- **EXERCISE AIM**
The word "VECTOR" occurs in some lines of the data. Return each such line.

--- DATA Enclosed Below ---

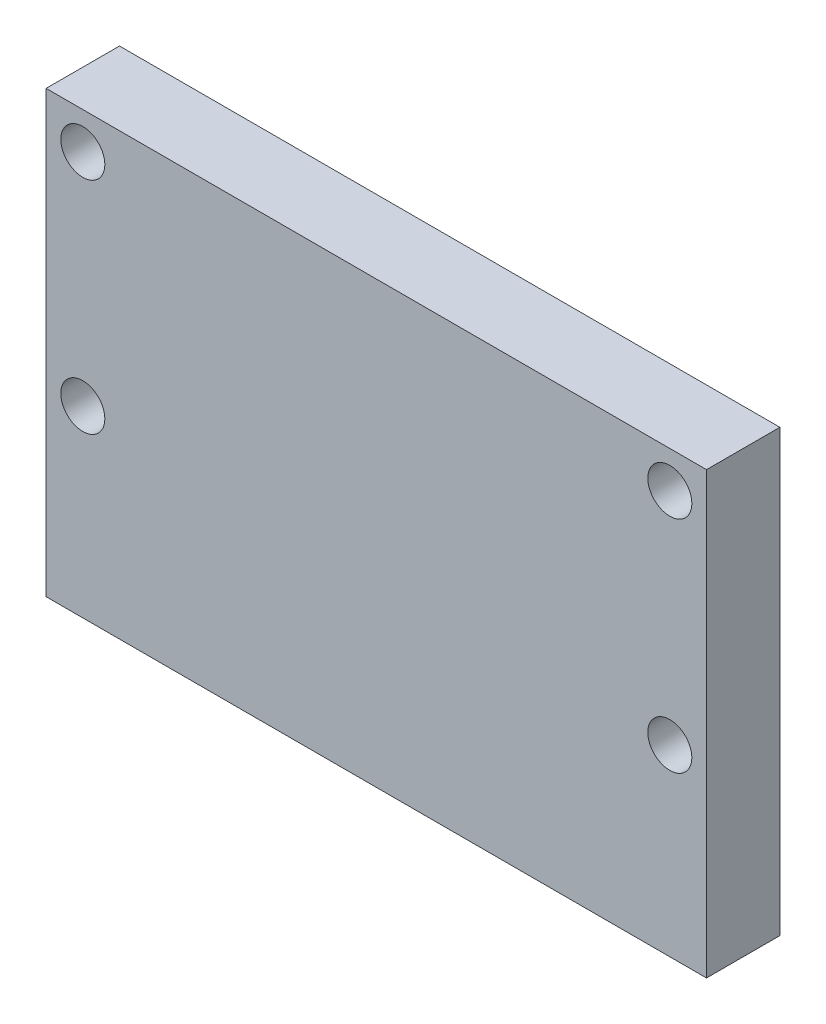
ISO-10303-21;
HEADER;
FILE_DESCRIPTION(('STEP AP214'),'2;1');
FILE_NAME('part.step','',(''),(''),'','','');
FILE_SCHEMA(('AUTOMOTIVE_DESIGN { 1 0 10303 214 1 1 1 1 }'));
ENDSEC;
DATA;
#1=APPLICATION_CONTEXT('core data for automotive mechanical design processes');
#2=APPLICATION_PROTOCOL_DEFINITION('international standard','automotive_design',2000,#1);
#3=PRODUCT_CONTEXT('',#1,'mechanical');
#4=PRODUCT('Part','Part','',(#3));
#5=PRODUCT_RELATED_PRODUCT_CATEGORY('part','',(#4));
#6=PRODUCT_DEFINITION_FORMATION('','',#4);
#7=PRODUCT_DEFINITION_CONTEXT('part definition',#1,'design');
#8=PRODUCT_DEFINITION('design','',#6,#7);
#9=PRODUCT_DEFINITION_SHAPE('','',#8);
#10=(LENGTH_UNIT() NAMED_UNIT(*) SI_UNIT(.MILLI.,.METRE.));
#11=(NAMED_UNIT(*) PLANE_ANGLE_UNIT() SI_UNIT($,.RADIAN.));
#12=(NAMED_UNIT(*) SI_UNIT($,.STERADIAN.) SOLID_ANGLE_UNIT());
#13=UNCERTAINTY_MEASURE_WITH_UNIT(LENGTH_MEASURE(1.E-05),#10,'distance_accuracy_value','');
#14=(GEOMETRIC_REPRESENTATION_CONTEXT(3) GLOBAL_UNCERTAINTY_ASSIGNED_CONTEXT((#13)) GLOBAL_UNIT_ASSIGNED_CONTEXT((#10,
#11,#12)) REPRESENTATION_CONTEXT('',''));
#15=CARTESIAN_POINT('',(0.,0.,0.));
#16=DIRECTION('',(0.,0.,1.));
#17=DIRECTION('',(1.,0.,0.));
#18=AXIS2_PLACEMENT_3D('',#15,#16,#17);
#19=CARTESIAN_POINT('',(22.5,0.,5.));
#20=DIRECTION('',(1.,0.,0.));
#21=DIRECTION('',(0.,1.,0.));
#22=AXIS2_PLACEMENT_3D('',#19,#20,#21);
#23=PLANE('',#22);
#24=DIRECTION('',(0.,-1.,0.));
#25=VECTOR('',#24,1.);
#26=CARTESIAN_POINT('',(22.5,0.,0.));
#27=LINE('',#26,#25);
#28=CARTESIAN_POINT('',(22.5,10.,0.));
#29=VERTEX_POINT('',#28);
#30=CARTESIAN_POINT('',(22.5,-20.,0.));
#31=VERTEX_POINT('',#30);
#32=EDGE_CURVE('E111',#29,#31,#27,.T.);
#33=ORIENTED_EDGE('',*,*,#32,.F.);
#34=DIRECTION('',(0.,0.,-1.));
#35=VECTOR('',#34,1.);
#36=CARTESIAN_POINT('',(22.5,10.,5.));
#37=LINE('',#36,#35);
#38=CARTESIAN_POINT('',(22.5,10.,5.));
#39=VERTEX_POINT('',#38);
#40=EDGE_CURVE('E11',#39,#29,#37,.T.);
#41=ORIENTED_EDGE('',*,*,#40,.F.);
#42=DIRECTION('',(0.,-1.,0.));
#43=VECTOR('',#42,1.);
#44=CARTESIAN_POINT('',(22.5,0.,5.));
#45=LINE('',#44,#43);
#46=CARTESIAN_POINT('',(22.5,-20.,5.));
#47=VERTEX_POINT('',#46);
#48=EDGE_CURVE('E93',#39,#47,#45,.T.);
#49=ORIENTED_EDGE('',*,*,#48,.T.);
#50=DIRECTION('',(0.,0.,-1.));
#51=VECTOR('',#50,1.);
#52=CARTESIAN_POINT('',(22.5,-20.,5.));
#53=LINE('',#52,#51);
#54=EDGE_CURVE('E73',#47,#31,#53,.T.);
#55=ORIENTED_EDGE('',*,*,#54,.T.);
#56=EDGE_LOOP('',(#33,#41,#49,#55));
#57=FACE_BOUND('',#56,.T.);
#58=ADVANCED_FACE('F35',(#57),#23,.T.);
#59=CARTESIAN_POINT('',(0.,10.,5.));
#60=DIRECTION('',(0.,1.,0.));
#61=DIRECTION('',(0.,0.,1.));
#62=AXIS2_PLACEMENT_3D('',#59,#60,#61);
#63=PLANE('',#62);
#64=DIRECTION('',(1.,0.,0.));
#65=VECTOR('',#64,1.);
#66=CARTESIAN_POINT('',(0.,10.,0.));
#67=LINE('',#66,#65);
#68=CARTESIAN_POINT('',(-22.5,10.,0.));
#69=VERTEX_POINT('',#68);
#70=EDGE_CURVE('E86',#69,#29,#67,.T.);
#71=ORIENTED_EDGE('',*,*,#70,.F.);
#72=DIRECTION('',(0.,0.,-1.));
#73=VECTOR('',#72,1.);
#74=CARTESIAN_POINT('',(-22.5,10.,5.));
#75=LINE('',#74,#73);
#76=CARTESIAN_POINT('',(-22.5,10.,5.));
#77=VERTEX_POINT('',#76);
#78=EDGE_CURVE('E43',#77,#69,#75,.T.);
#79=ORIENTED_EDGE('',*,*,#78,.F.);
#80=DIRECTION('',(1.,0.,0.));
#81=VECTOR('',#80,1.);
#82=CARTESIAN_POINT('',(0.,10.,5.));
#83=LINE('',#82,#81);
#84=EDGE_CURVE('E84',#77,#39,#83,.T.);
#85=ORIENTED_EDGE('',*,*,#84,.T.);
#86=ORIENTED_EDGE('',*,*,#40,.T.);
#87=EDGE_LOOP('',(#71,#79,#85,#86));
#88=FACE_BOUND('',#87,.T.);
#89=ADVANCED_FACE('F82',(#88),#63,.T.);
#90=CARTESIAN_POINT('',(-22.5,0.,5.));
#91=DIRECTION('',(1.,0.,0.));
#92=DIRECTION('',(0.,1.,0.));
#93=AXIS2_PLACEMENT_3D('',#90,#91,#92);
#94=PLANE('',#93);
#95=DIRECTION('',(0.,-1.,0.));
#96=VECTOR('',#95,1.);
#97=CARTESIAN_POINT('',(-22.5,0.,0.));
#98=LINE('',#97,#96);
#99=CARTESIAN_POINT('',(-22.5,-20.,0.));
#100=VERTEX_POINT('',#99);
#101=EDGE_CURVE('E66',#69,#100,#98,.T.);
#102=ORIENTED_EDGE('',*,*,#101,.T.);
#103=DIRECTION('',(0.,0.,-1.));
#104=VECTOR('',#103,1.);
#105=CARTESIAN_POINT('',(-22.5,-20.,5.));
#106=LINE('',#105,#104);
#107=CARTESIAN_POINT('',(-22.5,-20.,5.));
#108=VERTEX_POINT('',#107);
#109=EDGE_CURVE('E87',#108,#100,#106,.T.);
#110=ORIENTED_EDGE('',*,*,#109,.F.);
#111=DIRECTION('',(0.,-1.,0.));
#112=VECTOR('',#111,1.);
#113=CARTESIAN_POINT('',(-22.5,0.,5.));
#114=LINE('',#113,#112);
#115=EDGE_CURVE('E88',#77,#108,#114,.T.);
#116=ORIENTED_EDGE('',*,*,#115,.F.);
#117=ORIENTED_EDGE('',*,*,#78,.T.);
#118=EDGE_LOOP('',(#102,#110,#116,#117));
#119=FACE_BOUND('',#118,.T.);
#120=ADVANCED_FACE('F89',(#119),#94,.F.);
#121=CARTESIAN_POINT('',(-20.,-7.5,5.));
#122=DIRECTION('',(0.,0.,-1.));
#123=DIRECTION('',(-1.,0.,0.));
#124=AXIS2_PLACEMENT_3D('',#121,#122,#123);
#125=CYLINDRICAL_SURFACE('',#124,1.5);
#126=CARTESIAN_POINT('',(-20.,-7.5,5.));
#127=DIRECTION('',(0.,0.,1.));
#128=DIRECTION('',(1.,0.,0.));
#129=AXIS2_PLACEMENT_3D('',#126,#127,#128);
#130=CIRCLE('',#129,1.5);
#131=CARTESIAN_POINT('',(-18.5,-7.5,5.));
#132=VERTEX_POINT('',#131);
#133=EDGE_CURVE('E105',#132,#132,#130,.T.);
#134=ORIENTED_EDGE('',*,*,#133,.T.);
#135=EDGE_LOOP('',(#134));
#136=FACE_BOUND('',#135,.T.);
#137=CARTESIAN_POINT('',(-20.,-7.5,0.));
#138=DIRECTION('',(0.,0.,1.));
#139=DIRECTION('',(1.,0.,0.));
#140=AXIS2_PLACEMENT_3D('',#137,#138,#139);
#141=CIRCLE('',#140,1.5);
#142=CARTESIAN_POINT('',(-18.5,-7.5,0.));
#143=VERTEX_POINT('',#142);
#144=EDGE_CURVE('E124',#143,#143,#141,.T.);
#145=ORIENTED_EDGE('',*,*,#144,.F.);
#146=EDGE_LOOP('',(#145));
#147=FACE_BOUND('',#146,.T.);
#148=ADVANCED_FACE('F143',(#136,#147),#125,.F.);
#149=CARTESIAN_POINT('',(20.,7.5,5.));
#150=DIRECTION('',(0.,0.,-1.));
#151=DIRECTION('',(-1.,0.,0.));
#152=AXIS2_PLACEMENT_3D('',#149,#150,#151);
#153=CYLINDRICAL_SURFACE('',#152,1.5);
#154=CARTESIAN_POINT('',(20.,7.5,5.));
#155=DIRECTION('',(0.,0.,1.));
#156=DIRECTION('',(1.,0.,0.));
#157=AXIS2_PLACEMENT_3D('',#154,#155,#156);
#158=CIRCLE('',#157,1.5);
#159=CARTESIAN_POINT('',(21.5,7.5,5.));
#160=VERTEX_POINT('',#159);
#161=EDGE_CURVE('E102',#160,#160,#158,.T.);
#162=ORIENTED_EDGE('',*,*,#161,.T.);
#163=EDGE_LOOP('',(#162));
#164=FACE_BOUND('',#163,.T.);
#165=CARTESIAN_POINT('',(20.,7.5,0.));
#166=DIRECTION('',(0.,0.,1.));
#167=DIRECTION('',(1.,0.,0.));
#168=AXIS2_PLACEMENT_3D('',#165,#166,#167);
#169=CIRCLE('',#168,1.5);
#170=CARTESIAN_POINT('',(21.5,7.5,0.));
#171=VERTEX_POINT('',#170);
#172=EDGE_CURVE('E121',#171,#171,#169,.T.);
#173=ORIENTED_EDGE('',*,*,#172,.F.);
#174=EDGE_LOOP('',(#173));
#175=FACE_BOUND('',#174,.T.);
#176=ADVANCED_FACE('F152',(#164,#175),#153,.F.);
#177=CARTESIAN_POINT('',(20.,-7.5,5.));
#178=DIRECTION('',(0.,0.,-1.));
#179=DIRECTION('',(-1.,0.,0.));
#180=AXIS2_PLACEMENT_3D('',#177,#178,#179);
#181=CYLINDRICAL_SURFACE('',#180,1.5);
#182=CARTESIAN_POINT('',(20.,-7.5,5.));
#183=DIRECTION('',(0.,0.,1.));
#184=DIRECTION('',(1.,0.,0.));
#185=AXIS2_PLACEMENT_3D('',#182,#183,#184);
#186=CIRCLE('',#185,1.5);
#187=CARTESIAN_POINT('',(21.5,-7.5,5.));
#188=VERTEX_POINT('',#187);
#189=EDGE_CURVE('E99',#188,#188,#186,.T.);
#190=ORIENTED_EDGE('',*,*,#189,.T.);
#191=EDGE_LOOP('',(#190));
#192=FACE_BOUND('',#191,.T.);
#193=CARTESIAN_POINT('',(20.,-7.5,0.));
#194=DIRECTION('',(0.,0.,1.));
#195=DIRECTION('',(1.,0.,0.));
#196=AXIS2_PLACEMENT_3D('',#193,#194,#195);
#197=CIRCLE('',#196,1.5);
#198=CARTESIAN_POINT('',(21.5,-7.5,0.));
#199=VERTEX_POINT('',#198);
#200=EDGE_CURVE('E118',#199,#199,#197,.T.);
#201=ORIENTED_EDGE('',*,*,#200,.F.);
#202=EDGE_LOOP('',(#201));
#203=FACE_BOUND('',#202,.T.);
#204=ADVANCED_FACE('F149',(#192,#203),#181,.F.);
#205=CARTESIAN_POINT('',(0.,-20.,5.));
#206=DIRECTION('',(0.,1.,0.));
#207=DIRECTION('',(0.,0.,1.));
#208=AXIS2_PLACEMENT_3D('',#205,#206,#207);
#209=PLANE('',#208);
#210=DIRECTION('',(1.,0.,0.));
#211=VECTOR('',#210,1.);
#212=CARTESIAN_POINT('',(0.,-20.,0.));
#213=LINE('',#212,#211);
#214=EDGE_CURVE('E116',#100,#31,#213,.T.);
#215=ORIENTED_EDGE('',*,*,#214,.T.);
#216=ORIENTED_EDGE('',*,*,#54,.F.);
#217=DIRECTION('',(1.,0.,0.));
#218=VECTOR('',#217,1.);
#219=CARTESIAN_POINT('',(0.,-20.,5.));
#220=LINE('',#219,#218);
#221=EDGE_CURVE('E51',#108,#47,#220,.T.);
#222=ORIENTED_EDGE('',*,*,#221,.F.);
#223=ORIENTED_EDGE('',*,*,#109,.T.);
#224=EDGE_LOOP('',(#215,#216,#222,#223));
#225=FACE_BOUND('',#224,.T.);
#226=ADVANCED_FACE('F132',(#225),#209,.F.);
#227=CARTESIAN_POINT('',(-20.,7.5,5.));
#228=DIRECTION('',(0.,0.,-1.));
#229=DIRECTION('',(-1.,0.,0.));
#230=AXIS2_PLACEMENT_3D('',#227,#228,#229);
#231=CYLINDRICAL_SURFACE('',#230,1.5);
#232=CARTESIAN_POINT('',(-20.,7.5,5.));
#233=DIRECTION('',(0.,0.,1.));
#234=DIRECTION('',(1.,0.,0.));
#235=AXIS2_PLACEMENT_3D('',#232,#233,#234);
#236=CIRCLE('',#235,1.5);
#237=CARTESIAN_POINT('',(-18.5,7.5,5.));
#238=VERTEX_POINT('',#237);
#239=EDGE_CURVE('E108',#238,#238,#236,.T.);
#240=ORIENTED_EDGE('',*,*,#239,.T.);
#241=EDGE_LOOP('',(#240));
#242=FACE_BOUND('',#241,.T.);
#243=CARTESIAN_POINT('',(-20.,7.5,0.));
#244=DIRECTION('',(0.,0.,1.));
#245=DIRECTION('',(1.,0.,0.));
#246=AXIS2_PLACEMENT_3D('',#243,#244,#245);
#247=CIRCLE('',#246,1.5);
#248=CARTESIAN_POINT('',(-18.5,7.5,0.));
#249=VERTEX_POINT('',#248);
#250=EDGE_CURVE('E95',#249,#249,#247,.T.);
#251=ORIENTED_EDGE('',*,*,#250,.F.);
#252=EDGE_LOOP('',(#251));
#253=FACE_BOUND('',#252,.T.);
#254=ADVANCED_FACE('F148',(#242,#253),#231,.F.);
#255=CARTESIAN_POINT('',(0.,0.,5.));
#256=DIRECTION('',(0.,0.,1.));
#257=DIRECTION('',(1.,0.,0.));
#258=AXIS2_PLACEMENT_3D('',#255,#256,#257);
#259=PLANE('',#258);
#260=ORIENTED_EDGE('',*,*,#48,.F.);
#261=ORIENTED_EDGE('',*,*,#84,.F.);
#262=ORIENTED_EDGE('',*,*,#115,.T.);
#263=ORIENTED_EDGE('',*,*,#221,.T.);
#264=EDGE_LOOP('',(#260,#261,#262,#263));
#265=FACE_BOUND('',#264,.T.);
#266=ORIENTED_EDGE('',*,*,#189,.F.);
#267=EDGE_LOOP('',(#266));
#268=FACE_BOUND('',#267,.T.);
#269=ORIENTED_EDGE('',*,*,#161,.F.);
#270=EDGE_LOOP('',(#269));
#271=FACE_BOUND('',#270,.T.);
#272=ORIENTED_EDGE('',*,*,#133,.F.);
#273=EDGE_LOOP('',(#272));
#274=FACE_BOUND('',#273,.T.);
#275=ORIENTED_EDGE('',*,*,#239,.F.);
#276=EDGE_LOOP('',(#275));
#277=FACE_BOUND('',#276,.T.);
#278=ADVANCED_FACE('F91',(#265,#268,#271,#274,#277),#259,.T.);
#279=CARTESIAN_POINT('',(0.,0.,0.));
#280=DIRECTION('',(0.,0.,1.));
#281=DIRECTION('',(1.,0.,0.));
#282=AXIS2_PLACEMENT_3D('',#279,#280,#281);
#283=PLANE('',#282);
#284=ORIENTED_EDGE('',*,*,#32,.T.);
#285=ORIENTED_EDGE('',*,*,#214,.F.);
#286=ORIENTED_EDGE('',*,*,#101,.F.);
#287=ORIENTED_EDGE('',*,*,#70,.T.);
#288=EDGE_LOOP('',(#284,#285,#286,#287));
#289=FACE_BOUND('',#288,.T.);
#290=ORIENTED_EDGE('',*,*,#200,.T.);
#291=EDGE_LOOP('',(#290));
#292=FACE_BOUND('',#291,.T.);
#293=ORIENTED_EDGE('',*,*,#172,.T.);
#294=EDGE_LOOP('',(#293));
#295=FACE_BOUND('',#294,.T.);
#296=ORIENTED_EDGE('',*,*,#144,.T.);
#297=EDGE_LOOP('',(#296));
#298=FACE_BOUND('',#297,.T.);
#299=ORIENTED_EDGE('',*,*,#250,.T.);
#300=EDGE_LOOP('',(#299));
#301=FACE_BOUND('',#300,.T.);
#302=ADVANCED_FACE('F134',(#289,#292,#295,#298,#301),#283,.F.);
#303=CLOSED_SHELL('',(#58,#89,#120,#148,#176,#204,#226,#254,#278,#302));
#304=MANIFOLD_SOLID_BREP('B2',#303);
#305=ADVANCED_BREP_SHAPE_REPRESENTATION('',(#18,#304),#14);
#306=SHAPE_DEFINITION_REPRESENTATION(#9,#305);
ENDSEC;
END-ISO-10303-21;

--- End of Enclosed DATA ---

- **FINISHED EXERCISE**
#25=VECTOR('',#24,1.);
#35=VECTOR('',#34,1.);
#43=VECTOR('',#42,1.);
#51=VECTOR('',#50,1.);
#65=VECTOR('',#64,1.);
#73=VECTOR('',#72,1.);
#81=VECTOR('',#80,1.);
#96=VECTOR('',#95,1.);
#104=VECTOR('',#103,1.);
#112=VECTOR('',#111,1.);
#211=VECTOR('',#210,1.);
#218=VECTOR('',#217,1.);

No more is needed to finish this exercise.